A robotic system that has to manipulate objects, navigate physical space, and recover from failed actions is forced to build an internal representation of physics, in much the same way a child does. It has to learn that pushing a cup too hard knocks it over, that some surfaces are slippery, that objects don't disappear when you can't see them. That's not a dataset you can scrape: it has to be experienced, iteratively, through interaction and failure.
This is also where I think the framing of "AGI via scaling text models" is somewhat off. Scaling text gives you a more articulate model of human knowledge. It doesn't, by itself, give you grounded understanding. Robotics (embodiment, sensorimotor feedback, physical trial and error) might be the path by which models stop merely describing the world convincingly and start actually modeling it.
Continuous learning, not one-shot training
There's a second piece of this I think matters just as much: how these systems learn over time.
Today's dominant paradigm is essentially: collect a massive static dataset, train a model on it once, freeze the weights, and ship it. Everything the model will ever "know" is fixed at that moment. Any updates require an entirely new, extremely expensive training run. That's nothing like how humans learn. We don't get trained once on the sum of human experience and then run in inference mode for the rest of our lives. We learn continuously, incrementally, from a constant stream of small experiences: most of which are individually unremarkable, but which accumulate into a working model of the world that keeps updating.

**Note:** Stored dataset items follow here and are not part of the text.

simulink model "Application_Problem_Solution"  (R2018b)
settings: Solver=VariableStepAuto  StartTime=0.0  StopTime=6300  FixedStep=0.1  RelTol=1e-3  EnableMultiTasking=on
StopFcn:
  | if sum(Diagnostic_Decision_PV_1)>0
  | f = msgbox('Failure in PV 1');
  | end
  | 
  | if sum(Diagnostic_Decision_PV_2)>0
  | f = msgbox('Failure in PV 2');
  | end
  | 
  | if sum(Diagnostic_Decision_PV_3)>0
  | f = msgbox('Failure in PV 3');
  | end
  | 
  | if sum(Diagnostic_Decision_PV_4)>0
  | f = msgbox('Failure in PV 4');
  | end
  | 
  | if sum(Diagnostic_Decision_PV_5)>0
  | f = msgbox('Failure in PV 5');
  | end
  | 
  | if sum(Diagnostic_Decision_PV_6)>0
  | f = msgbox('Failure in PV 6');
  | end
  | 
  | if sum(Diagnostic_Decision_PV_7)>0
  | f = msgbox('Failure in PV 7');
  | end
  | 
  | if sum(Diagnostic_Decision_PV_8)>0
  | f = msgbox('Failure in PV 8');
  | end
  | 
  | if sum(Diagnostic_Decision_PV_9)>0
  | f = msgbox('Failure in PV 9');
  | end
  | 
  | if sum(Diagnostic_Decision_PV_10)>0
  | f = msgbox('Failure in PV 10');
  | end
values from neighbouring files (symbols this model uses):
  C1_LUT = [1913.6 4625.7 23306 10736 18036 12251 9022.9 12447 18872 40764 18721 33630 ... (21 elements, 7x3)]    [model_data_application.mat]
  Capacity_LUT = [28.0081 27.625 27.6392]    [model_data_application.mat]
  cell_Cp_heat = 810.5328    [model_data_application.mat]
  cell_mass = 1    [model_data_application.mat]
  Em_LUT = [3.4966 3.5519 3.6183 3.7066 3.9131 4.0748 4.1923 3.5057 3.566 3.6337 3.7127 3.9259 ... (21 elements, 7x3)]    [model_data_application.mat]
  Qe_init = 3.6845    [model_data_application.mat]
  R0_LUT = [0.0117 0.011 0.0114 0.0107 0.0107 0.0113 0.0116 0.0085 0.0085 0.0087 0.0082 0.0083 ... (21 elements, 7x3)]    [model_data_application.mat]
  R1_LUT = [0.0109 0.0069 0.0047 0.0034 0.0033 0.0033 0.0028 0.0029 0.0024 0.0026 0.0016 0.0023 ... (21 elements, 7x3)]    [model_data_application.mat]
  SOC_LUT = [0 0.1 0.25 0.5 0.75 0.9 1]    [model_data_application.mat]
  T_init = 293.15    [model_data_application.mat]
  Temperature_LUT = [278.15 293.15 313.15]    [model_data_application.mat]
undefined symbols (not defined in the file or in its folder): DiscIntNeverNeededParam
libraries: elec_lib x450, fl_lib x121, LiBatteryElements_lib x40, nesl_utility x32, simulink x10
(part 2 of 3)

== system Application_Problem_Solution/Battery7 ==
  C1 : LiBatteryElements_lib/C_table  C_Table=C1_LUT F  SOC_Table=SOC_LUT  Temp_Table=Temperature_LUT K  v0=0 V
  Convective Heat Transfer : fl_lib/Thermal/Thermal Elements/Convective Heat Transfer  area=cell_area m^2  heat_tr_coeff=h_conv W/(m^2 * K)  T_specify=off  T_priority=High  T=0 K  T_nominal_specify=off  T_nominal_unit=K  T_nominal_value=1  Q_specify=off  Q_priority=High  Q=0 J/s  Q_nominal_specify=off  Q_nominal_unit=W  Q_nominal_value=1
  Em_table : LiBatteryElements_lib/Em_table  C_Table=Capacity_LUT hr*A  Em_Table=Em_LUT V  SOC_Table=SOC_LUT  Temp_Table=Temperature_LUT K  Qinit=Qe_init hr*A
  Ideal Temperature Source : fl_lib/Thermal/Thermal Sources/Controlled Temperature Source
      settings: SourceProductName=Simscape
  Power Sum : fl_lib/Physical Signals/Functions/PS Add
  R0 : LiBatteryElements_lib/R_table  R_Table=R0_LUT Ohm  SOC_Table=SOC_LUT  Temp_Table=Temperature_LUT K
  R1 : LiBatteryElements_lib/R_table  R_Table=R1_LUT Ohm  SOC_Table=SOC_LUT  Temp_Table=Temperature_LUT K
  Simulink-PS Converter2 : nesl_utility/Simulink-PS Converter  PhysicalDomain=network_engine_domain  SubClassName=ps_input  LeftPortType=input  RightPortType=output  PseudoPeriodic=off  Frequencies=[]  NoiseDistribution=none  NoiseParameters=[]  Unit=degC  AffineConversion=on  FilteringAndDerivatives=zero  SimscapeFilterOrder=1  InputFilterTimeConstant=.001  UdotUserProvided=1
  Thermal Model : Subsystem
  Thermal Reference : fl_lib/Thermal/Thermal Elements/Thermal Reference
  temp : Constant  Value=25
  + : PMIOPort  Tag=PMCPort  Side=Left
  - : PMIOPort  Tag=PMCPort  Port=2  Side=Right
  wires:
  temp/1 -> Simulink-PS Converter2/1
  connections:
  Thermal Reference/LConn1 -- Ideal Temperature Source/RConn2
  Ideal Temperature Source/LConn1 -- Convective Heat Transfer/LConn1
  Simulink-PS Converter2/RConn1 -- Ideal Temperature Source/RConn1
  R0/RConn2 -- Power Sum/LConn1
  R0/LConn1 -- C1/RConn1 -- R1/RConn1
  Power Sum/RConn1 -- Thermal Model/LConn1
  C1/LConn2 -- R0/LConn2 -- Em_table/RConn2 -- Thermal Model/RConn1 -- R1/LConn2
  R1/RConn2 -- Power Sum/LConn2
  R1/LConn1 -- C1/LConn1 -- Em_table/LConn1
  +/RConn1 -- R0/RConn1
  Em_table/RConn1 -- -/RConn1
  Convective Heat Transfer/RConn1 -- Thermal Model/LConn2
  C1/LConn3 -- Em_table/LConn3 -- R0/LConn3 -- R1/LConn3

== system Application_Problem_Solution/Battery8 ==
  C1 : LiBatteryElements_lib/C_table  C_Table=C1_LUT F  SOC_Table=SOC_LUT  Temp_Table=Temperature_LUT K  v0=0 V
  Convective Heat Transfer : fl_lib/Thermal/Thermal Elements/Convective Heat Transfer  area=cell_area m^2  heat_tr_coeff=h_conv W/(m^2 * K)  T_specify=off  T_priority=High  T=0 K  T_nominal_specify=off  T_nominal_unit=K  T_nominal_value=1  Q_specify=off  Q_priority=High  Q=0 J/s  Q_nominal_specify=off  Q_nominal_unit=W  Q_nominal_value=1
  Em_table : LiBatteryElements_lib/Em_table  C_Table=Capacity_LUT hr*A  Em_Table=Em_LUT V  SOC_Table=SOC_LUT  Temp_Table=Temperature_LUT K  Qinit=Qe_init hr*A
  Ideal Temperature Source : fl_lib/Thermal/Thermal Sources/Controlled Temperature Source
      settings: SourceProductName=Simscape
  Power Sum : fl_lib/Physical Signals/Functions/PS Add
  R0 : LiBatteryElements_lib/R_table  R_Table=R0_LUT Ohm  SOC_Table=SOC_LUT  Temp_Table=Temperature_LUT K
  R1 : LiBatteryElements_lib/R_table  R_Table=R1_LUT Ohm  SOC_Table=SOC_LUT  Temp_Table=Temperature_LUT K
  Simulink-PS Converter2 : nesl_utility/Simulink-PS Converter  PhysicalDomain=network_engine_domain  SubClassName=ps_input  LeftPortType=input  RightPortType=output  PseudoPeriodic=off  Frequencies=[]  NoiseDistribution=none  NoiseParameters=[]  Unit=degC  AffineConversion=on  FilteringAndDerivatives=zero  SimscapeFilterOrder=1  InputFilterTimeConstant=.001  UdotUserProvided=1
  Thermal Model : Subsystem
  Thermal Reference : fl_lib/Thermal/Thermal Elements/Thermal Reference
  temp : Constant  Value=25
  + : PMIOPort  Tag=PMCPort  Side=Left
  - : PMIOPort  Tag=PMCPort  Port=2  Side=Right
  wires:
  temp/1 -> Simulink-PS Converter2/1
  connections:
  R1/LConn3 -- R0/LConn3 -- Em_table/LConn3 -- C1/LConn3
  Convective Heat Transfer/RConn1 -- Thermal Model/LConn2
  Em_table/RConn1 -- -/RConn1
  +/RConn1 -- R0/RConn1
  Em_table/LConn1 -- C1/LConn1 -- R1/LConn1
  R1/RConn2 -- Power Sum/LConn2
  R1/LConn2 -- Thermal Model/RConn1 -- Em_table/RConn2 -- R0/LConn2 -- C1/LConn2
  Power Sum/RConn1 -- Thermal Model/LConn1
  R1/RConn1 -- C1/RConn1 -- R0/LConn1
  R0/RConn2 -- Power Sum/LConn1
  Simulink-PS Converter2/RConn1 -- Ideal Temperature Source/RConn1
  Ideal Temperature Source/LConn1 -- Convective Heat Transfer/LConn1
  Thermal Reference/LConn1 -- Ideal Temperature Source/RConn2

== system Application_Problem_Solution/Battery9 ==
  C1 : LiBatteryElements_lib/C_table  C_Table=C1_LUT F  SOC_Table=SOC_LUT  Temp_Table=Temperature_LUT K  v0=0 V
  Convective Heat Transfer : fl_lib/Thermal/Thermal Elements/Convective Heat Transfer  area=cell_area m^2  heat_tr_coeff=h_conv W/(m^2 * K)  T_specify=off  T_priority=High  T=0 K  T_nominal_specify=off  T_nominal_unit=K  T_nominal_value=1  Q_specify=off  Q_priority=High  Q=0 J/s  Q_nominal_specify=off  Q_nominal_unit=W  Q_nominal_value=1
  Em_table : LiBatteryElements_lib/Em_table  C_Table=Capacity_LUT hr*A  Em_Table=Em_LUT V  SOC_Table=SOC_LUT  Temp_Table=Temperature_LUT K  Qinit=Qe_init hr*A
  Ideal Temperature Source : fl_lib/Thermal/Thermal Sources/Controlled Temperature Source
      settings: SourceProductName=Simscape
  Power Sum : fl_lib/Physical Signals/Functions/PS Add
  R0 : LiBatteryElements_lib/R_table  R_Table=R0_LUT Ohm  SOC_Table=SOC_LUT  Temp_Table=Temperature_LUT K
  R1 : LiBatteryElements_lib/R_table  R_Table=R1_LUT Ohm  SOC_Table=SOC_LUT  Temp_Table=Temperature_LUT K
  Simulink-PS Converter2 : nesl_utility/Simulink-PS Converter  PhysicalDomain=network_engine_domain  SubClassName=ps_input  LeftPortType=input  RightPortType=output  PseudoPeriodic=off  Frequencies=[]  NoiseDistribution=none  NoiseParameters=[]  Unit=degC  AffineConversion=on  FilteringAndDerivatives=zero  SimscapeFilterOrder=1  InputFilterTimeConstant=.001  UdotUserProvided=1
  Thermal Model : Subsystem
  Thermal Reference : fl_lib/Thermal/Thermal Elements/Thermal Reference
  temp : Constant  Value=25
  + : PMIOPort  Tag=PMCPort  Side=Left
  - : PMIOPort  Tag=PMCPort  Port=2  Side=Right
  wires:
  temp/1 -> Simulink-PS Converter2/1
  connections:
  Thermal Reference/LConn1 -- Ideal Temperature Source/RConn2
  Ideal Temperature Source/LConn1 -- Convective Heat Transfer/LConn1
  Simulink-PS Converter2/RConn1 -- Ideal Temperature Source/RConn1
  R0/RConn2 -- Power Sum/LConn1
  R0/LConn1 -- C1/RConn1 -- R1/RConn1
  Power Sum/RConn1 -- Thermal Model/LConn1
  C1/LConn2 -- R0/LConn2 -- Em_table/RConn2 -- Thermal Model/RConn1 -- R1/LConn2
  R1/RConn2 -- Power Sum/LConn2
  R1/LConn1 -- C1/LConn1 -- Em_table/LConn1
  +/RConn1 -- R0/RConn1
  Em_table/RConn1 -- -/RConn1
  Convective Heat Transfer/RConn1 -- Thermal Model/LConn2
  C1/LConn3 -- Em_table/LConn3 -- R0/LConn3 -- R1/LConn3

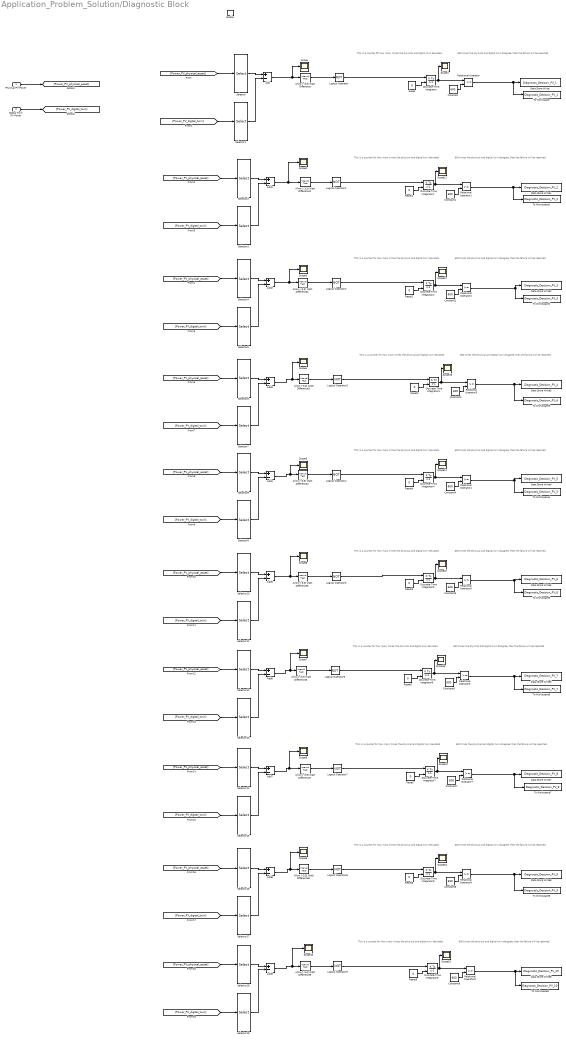
== system Application_Problem_Solution/Diagnostic Block ==
  note: 600 times the physical and digital twin disagree, then the failure will be reported.
  note: This is a counter for how many times the physical and digital twin deviated.
  note: 600 times the physical and digital twin disagree, then the failure will be reported.
  note: This is a counter for how many times the physical and digital twin deviated.
  note: 600 times the physical and digital twin disagree, then the failure will be reported.
  note: This is a counter for how many times the physical and digital twin deviated.
  note: 600 times the physical and digital twin disagree, then the failure will be reported.
  note: This is a counter for how many times the physical and digital twin deviated.
  note: 600 times the physical and digital twin disagree, then the failure will be reported.
  note: This is a counter for how many times the physical and digital twin deviated.
  note: 600 times the physical and digital twin disagree, then the failure will be reported.
  note: This is a counter for how many times the physical and digital twin deviated.
  note: 600 times the physical and digital twin disagree, then the failure will be reported.
  note: This is a counter for how many times the physical and digital twin deviated.
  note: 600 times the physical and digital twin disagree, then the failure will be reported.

I think the next wave of meaningful progress involves smaller, open-ended models that learn continuously rather than in one enormous batch: models that update their internal representations as they interact with the world, the way a baby's understanding of gravity sharpens with every dropped spoon, long before there's any formal "training" involved. Smaller, because a model that's learning constantly from direct experience doesn't need to have memorized the entire internet up front; it can build understanding the way an organism does, accumulating competence through interaction rather than ingesting it all at once.
This doesn't mean today's massive pretrained language models become irrelevant. If anything, they're likely to remain the best starting point: a kind of broad, second-hand cultural and linguistic prior that a continuously learning, embodied system could be initialized with, the same way a human child is born with very little but rapidly leverages language and culture once they start picking it up. The combination (a language-and-knowledge prior plus a continuously updating, embodied world model) feels like a more plausible route to something resembling general intelligence than either approach pursued in isolation.
What this means in practice
None of this is to say LLMs were a dead end: they were a necessary and genuinely impressive step, and they'll likely remain the interface layer for a long time, since language is still how humans communicate intent and reasoning. But I'd be cautious about assuming the next 10x jump in capability comes from a bigger version of the same architecture, trained on more of the same kind of data, with more tools bolted on.
The more interesting frontier, to me, is the boring, expensive, physically constrained work of building systems that learn the way organisms learn: through embodiment, through consequence, through continuous experience rather than a single enormous training run. That's a much harder problem than scaling a transformer. It's also, I suspect, the one that actually matters if "understanding the world" is the goal rather than "describing it convincingly."
These are personal reflections, not predictions I'd stake a business on, but it's the lens I keep coming back to when I think about where this field goes next.